For users, the effect of these restrictions is that single node failures in a block can render larger jobs very difficult to place and lead to long queue times.
This change will remove this enforced blocking so that jobs, by default, can be assigned nodes from anywhere in the interconnect topology. This will allow for more flexibility in job placement and reduce the impact of single node failures on availability of resources.
Users can recover the strict blocking behaviour by using
the Slurm --switches option. See
below for specific examples of how to use this.
Performance of 8-nodes or less jobs
If the application being run on 8-nodes or less has a critical performance dependence on interconnect performance then ensuring all nodes in the job come from the same block that share an L1 switch makes sense to get best performance. Many HPC applications do not have their performance limited in such a way.
Removal of power of two job size restriction
Another consequence of the strict interconnect blocking is that jobs are currently restricted to power of two sizes (to match onto the topology layout).
This change will remove the restriction on job sizes to power of two. This will allow for more flexibility in job placement.
Changes to priority formula
Along with changes to blocking restrictions, we will be implementing some changes to the job priority setup:
- Enable allocation-tied fairshare: at the moment, all projects have the same number of shares on the service.
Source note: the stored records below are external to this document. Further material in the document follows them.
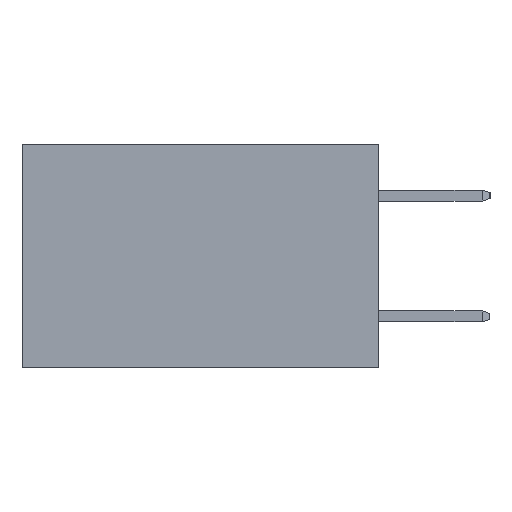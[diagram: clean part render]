
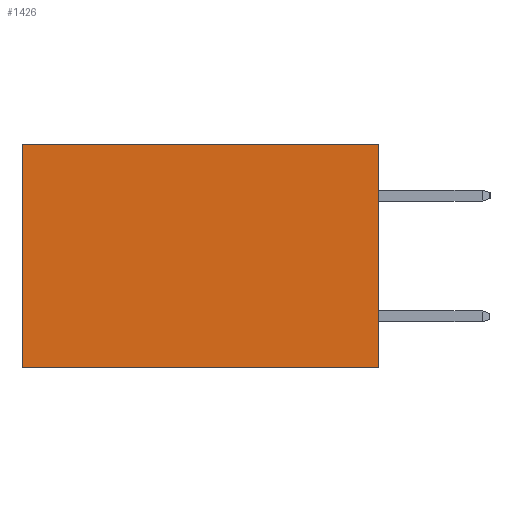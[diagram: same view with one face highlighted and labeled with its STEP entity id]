
A CAD part, left-side view. The second image highlights one B-rep face of the part: STEP entity #1426.
In plain terms, the highlighted planar face has unit normal (-1, 0, 0).
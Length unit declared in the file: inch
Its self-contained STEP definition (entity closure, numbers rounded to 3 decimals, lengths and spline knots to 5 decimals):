
#1426 = ADVANCED_FACE ( 'NONE', ( #2383 ), #14209, .F. ) ;
#2383 = FACE_OUTER_BOUND ( 'NONE', #6655, .T. ) ;
#3063 = ORIENTED_EDGE ( 'NONE', *, *, #18205, .T. ) ;
#3195 = LINE ( 'NONE', #10764, #10747 ) ;
#3480 = VECTOR ( 'NONE', #18220, 39.37008 ) ;
#4306 = CARTESIAN_POINT ( 'NONE',  ( 0.277, 0., 0. ) ) ;
#6261 = CARTESIAN_POINT ( 'NONE',  ( 0.277, 0., 0. ) ) ;
#6655 = EDGE_LOOP ( 'NONE', ( #10613, #6881, #19731, #3063 ) ) ;
#6881 = ORIENTED_EDGE ( 'NONE', *, *, #20614, .F. ) ;
#7262 = VERTEX_POINT ( 'NONE', #4306 ) ;
#7460 = CARTESIAN_POINT ( 'NONE',  ( 0.277, 0., -0.37 ) ) ;
#9379 = LINE ( 'NONE', #6261, #13145 ) ;
#9994 = DIRECTION ( 'NONE',  ( 0., 0., -1. ) ) ;
#10613 = ORIENTED_EDGE ( 'NONE', *, *, #20301, .T. ) ;
#10747 = VECTOR ( 'NONE', #20388, 39.37008 ) ;
#10764 = CARTESIAN_POINT ( 'NONE',  ( 0.277, 0., -0.37 ) ) ;
#11739 = VERTEX_POINT ( 'NONE', #12604 ) ;
#11842 = CARTESIAN_POINT ( 'NONE',  ( 0.277, 0., -0.37 ) ) ;
#12604 = CARTESIAN_POINT ( 'NONE',  ( 0.277, 0.59, -0.37 ) ) ;
#13145 = VECTOR ( 'NONE', #17597, 39.37008 ) ;
#13325 = CARTESIAN_POINT ( 'NONE',  ( 0.277, 0.59, -0.37 ) ) ;
#13918 = DIRECTION ( 'NONE',  ( 0., 0., -1. ) ) ;
#14209 = PLANE ( 'NONE',  #15631 ) ;
#14493 = CARTESIAN_POINT ( 'NONE',  ( 0.277, 0., -0.37 ) ) ;
#15493 = DIRECTION ( 'NONE',  ( 1., 0., 0. ) ) ;
#15631 = AXIS2_PLACEMENT_3D ( 'NONE', #14493, #15493, #9994 ) ;
#16283 = EDGE_CURVE ( 'NONE', #7262, #16758, #18623, .T. ) ;
#16596 = CARTESIAN_POINT ( 'NONE',  ( 0.277, 0.59, 0. ) ) ;
#16698 = VERTEX_POINT ( 'NONE', #16596 ) ;
#16758 = VERTEX_POINT ( 'NONE', #11842 ) ;
#16774 = VECTOR ( 'NONE', #13918, 39.37008 ) ;
#17369 = LINE ( 'NONE', #13325, #3480 ) ;
#17597 = DIRECTION ( 'NONE',  ( 0., 1., 0. ) ) ;
#18205 = EDGE_CURVE ( 'NONE', #7262, #16698, #9379, .T. ) ;
#18220 = DIRECTION ( 'NONE',  ( 0., 0., -1. ) ) ;
#18623 = LINE ( 'NONE', #7460, #16774 ) ;
#19731 = ORIENTED_EDGE ( 'NONE', *, *, #16283, .F. ) ;
#20301 = EDGE_CURVE ( 'NONE', #16698, #11739, #17369, .T. ) ;
#20388 = DIRECTION ( 'NONE',  ( 0., 1., 0. ) ) ;
#20614 = EDGE_CURVE ( 'NONE', #16758, #11739, #3195, .T. ) ;
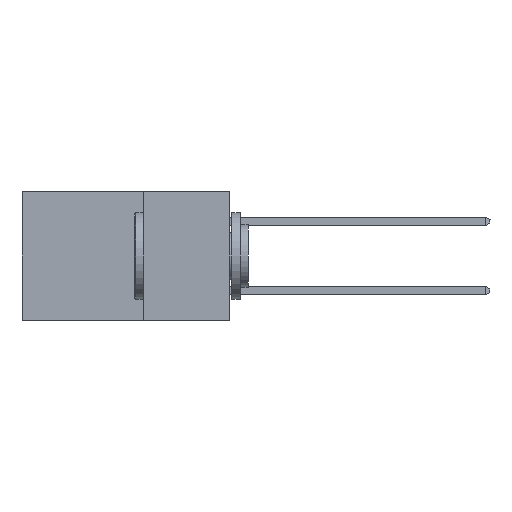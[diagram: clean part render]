
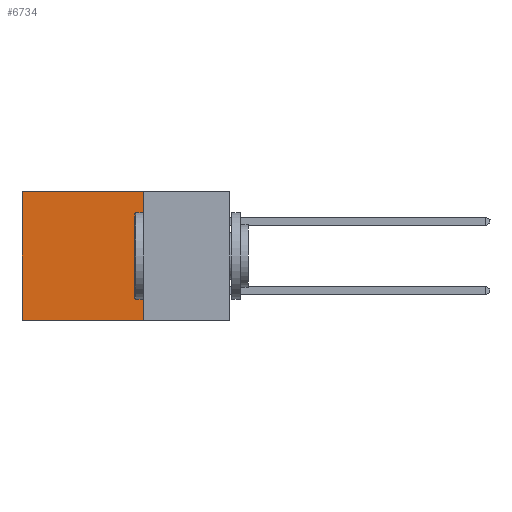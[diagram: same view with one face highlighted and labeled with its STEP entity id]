
A CAD part, left-side view. The second image highlights one B-rep face of the part: STEP entity #6734.
In plain terms, the highlighted planar face has unit normal (-1, 0, 0).
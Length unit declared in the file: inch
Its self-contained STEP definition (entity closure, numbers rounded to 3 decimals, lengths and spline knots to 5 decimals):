
#1483 = LINE ( 'NONE', #4617, #20742 ) ;
#1652 = ORIENTED_EDGE ( 'NONE', *, *, #13064, .T. ) ;
#1835 = EDGE_CURVE ( 'NONE', #32066, #27270, #26875, .T. ) ;
#3420 = LINE ( 'NONE', #12852, #13244 ) ;
#3624 = ORIENTED_EDGE ( 'NONE', *, *, #12929, .F. ) ;
#3933 = LINE ( 'NONE', #25995, #11787 ) ;
#4617 = CARTESIAN_POINT ( 'NONE',  ( 0.298, 0.25, 0. ) ) ;
#5563 = VERTEX_POINT ( 'NONE', #5588 ) ;
#5588 = CARTESIAN_POINT ( 'NONE',  ( 0.298, 0.6, 0. ) ) ;
#5861 = EDGE_LOOP ( 'NONE', ( #23680, #28956, #3624, #1652 ) ) ;
#6734 = ADVANCED_FACE ( 'NONE', ( #18308 ), #12976, .F. ) ;
#6957 = DIRECTION ( 'NONE',  ( 0., 1., 0. ) ) ;
#7160 = DIRECTION ( 'NONE',  ( 0., 0., -1. ) ) ;
#7929 = CARTESIAN_POINT ( 'NONE',  ( 0.298, 0.25, 0. ) ) ;
#8750 = CARTESIAN_POINT ( 'NONE',  ( 0.298, 0.25, -0.37 ) ) ;
#10412 = CARTESIAN_POINT ( 'NONE',  ( 0.298, 0.25, 0. ) ) ;
#11787 = VECTOR ( 'NONE', #13673, 39.37008 ) ;
#12852 = CARTESIAN_POINT ( 'NONE',  ( 0.298, 0.25, 0. ) ) ;
#12929 = EDGE_CURVE ( 'NONE', #22862, #32066, #1483, .T. ) ;
#12976 = PLANE ( 'NONE',  #27236 ) ;
#13064 = EDGE_CURVE ( 'NONE', #22862, #5563, #3420, .T. ) ;
#13244 = VECTOR ( 'NONE', #27784, 39.37008 ) ;
#13673 = DIRECTION ( 'NONE',  ( 0., 0., -1. ) ) ;
#18308 = FACE_OUTER_BOUND ( 'NONE', #5861, .T. ) ;
#18345 = DIRECTION ( 'NONE',  ( 0., 0., -1. ) ) ;
#20190 = VECTOR ( 'NONE', #6957, 39.37008 ) ;
#20742 = VECTOR ( 'NONE', #7160, 39.37008 ) ;
#22862 = VERTEX_POINT ( 'NONE', #10412 ) ;
#23077 = EDGE_CURVE ( 'NONE', #5563, #27270, #3933, .T. ) ;
#23680 = ORIENTED_EDGE ( 'NONE', *, *, #23077, .T. ) ;
#25707 = DIRECTION ( 'NONE',  ( 1., 0., 0. ) ) ;
#25995 = CARTESIAN_POINT ( 'NONE',  ( 0.298, 0.6, 0. ) ) ;
#26739 = CARTESIAN_POINT ( 'NONE',  ( 0.298, 0.25, -0.37 ) ) ;
#26875 = LINE ( 'NONE', #8750, #20190 ) ;
#27236 = AXIS2_PLACEMENT_3D ( 'NONE', #7929, #25707, #18345 ) ;
#27270 = VERTEX_POINT ( 'NONE', #31206 ) ;
#27784 = DIRECTION ( 'NONE',  ( 0., 1., 0. ) ) ;
#28956 = ORIENTED_EDGE ( 'NONE', *, *, #1835, .F. ) ;
#31206 = CARTESIAN_POINT ( 'NONE',  ( 0.298, 0.6, -0.37 ) ) ;
#32066 = VERTEX_POINT ( 'NONE', #26739 ) ;
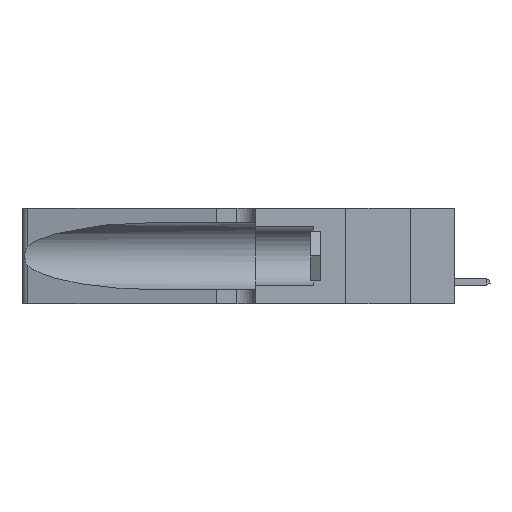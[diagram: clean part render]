
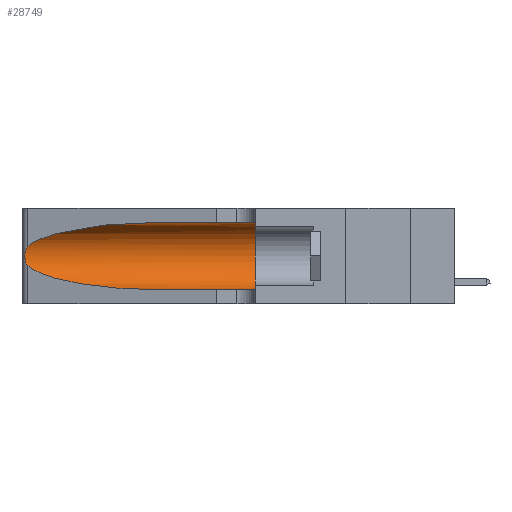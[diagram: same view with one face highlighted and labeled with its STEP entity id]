
A CAD part, left-side view. The second image highlights one B-rep face of the part: STEP entity #28749.
In plain terms, the highlighted cylindrical face has radius 3.308 mm (diameter 6.617 mm), a partial arc.
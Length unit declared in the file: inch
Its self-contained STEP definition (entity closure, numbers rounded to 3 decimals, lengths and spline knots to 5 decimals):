
#87 = EDGE_CURVE ( 'NONE', #42575, #25250, #36162, .T. ) ;
#454 = CARTESIAN_POINT ( 'NONE',  ( 0.26075, 1.23896, 0.19203 ) ) ;
#1236 = CARTESIAN_POINT ( 'NONE',  ( 0.18966, 0.96281, 0.05475 ) ) ;
#2499 = ORIENTED_EDGE ( 'NONE', *, *, #24672, .T. ) ;
#2768 = ORIENTED_EDGE ( 'NONE', *, *, #87, .T. ) ;
#3598 = ORIENTED_EDGE ( 'NONE', *, *, #13376, .T. ) ;
#3885 = CARTESIAN_POINT ( 'NONE',  ( 0.25487, 1.22718, 0.14631 ) ) ;
#4809 = EDGE_CURVE ( 'NONE', #7734, #35645, #37289, .T. ) ;
#5608 = CARTESIAN_POINT ( 'NONE',  ( 0.1305, 0.72297, 0.31525 ) ) ;
#7007 = DIRECTION ( 'NONE',  ( 0., 1., 0. ) ) ;
#7612 = CARTESIAN_POINT ( 'NONE',  ( 0.25555, 1.22993, 0.14849 ) ) ;
#7734 = VERTEX_POINT ( 'NONE', #22920 ) ;
#8442 = AXIS2_PLACEMENT_3D ( 'NONE', #31408, #7007, #25022 ) ;
#9429 = EDGE_CURVE ( 'NONE', #42575, #39204, #37256, .T. ) ;
#9610 = EDGE_LOOP ( 'NONE', ( #2768, #3598, #2499, #30707, #37949, #14089 ) ) ;
#10676 = VECTOR ( 'NONE', #27602, 39.37008 ) ;
#10826 = CARTESIAN_POINT ( 'NONE',  ( 0.1305, 0.35, 0.05475 ) ) ;
#11096 = CARTESIAN_POINT ( 'NONE',  ( 0.25856, 1.23593, 0.16098 ) ) ;
#11572 = CARTESIAN_POINT ( 'NONE',  ( 0.1305, 0.72297, 0.31525 ) ) ;
#12338 = CARTESIAN_POINT ( 'NONE',  ( 0.25487, 1.22718, 0.22369 ) ) ;
#13376 = EDGE_CURVE ( 'NONE', #25250, #31872, #28088, .T. ) ;
#14089 = ORIENTED_EDGE ( 'NONE', *, *, #9429, .F. ) ;
#14602 = CARTESIAN_POINT ( 'NONE',  ( 0.25487, 1.22718, 0.14631 ) ) ;
#14903 = CARTESIAN_POINT ( 'NONE',  ( 0.26075, 1.23896, 0.178 ) ) ;
#15527 = VECTOR ( 'NONE', #39490, 39.37008 ) ;
#16124 = CARTESIAN_POINT ( 'NONE',  ( 0.18966, 0.96281, 0.31525 ) ) ;
#16936 = AXIS2_PLACEMENT_3D ( 'NONE', #19787, #40764, #20544 ) ;
#17925 = CARTESIAN_POINT ( 'NONE',  ( 0.25639, 1.23186, 0.15144 ) ) ;
#18526 = CARTESIAN_POINT ( 'NONE',  ( 0.25487, 1.22718, 0.14631 ) ) ;
#19787 = CARTESIAN_POINT ( 'NONE',  ( 0.1305, 1.61858, 0.185 ) ) ;
#19895 = CARTESIAN_POINT ( 'NONE',  ( 0.2373, 1.15595, 0.28018 ) ) ;
#20544 = DIRECTION ( 'NONE',  ( 0., 0., -1. ) ) ;
#21104 = CARTESIAN_POINT ( 'NONE',  ( 0.26018, 1.23835, 0.19895 ) ) ;
#21437 = CARTESIAN_POINT ( 'NONE',  ( 0.1305, 0.72297, 0.05475 ) ) ;
#22044 = CARTESIAN_POINT ( 'NONE',  ( 0.2373, 1.15595, 0.08982 ) ) ;
#22920 = CARTESIAN_POINT ( 'NONE',  ( 0.1305, 0.72297, 0.05475 ) ) ;
#24672 = EDGE_CURVE ( 'NONE', #31872, #7734, #29031, .T. ) ;
#25022 = DIRECTION ( 'NONE',  ( 0., 0., 1. ) ) ;
#25059 = CARTESIAN_POINT ( 'NONE',  ( 0.25639, 1.23184, 0.21858 ) ) ;
#25192 = CARTESIAN_POINT ( 'NONE',  ( 0.1305, 1.61858, 0.31525 ) ) ;
#25250 = VERTEX_POINT ( 'NONE', #43788 ) ;
#26357 = CIRCLE ( 'NONE', #8442, 0.13025 ) ;
#26851 = CYLINDRICAL_SURFACE ( 'NONE', #16936, 0.13025 ) ;
#27602 = DIRECTION ( 'NONE',  ( 0., -1., 0. ) ) ;
#28088 = B_SPLINE_CURVE_WITH_KNOTS ( 'NONE', 3,
 ( #39044, #32179, #25059, #39203, #35658, #21104, #454, #14903, #35217, #11096, #38742, #17925, #7612, #14602 ),
 .UNSPECIFIED., .F., .F.,
 ( 4, 2, 2, 2, 2, 2, 4 ),
 ( 0., 0.00027, 0.00053, 0.00107, 0.0016, 0.00187, 0.00214 ),
 .UNSPECIFIED. ) ;
#28749 = ADVANCED_FACE ( 'NONE', ( #38255 ), #26851, .F. ) ;
#29031 =( BOUNDED_CURVE ( )  B_SPLINE_CURVE ( 3, ( #18526, #22044, #1236, #21437 ),
 .UNSPECIFIED., .F., .F. ) 
 B_SPLINE_CURVE_WITH_KNOTS ( ( 4, 4 ),
 ( 3.44316, 4.71239 ),
 .UNSPECIFIED. ) 
 CURVE ( )  GEOMETRIC_REPRESENTATION_ITEM ( )  RATIONAL_B_SPLINE_CURVE ( ( 1., 0.87, 0.87, 1. ) ) 
 REPRESENTATION_ITEM ( '' )  );
#30707 = ORIENTED_EDGE ( 'NONE', *, *, #4809, .T. ) ;
#31408 = CARTESIAN_POINT ( 'NONE',  ( 0.1305, 0.35, 0.185 ) ) ;
#31872 = VERTEX_POINT ( 'NONE', #3885 ) ;
#32179 = CARTESIAN_POINT ( 'NONE',  ( 0.25555, 1.22994, 0.2215 ) ) ;
#35217 = CARTESIAN_POINT ( 'NONE',  ( 0.26017, 1.23833, 0.17102 ) ) ;
#35645 = VERTEX_POINT ( 'NONE', #10826 ) ;
#35658 = CARTESIAN_POINT ( 'NONE',  ( 0.25854, 1.2359, 0.20912 ) ) ;
#36162 =( BOUNDED_CURVE ( )  B_SPLINE_CURVE ( 3, ( #5608, #16124, #19895, #12338 ),
 .UNSPECIFIED., .F., .F. ) 
 B_SPLINE_CURVE_WITH_KNOTS ( ( 4, 4 ),
 ( 1.5708, 2.84003 ),
 .UNSPECIFIED. ) 
 CURVE ( )  GEOMETRIC_REPRESENTATION_ITEM ( )  RATIONAL_B_SPLINE_CURVE ( ( 1., 0.87, 0.87, 1. ) ) 
 REPRESENTATION_ITEM ( '' )  );
#37256 = LINE ( 'NONE', #25192, #15527 ) ;
#37289 = LINE ( 'NONE', #37797, #10676 ) ;
#37797 = CARTESIAN_POINT ( 'NONE',  ( 0.1305, 1.61858, 0.05475 ) ) ;
#37949 = ORIENTED_EDGE ( 'NONE', *, *, #40084, .F. ) ;
#38255 = FACE_OUTER_BOUND ( 'NONE', #9610, .T. ) ;
#38742 = CARTESIAN_POINT ( 'NONE',  ( 0.25789, 1.23486, 0.15765 ) ) ;
#39044 = CARTESIAN_POINT ( 'NONE',  ( 0.25487, 1.22718, 0.22369 ) ) ;
#39203 = CARTESIAN_POINT ( 'NONE',  ( 0.25787, 1.23484, 0.2124 ) ) ;
#39204 = VERTEX_POINT ( 'NONE', #43442 ) ;
#39490 = DIRECTION ( 'NONE',  ( 0., -1., 0. ) ) ;
#40084 = EDGE_CURVE ( 'NONE', #39204, #35645, #26357, .T. ) ;
#40764 = DIRECTION ( 'NONE',  ( 0., -1., 0. ) ) ;
#42575 = VERTEX_POINT ( 'NONE', #11572 ) ;
#43442 = CARTESIAN_POINT ( 'NONE',  ( 0.1305, 0.35, 0.31525 ) ) ;
#43788 = CARTESIAN_POINT ( 'NONE',  ( 0.25487, 1.22718, 0.22369 ) ) ;

This change will link the number of shares on the system to the size of the project's current GPUh allocation. This change will help ensure that projects get priorities that allow them to use the level of allocation they have been granted on the service.
- Update priority weights: To support the change in allocation-tied fairshare, we will update weights for different parts of the priority formula to increase the weight associated with the fairshare priority component relative to other components.
Slurm --switches option
Users can use the Slurm --switches option to partially recover the job topology blocking
behaviour from before the change.
Static 16-node block or greater setup cannot be recovered
In the current configuration, the blocks in the topology that make up 16, 32, 64 or 128
node blocks are statically defined. In the updated configuration, any combination of 8 node
blocks can make up larger jobs with strict blocking defined by --switches options as
described below.
Default behaviour
In the updated configuration, no interconnect blocking is enforced by default. If you do not supply any additional options to your Slurm jobs the scheduler is free to pick nodes from anywhere on the system.
Enforcing blocking: 8-nodes or less
A single interconnect block on the Tursa topology (where all nodes share L1 switches) contains
8 nodes. If you are running jobs of 8-nodes and less and want to ensure all nodes are in a
single block (i.e. share a L1 switch) you should add the --switches=1 option to your Slurm
submission commands. Most commonly, this would mean adding the following to your batch
submission script:
#SBATCH --switches=1
Adding blocking is likely to increase queue time
Adding the additional constraint around interconnect blocking with the switches option
will likely have a detrimental effect on queue time.
Enforced blocking: 16-nodes or more
Beyond 8-nodes, to ensure strict interconnect blocking, you need to increase the number of switches along with node count:
| Node count | switches option |
Notes |
|---|---|---|
| 16 | switches=2 |
|
| 32 | switches=4 |
|
| 64 | switches=8 |
Not available for A100-80 |
| 128 | switches=16 |
Not available for A100-80. Only available when A100-40 and A100-80 nodes are mixed in the job. |
Power of 2 job sizes make sense for strict blocking
While there will no longer be a restriction to power of two size jobs in the updated configuration, it will usually make sense to stick to these sizes if you are wanting to request strict interconnect topology blocking.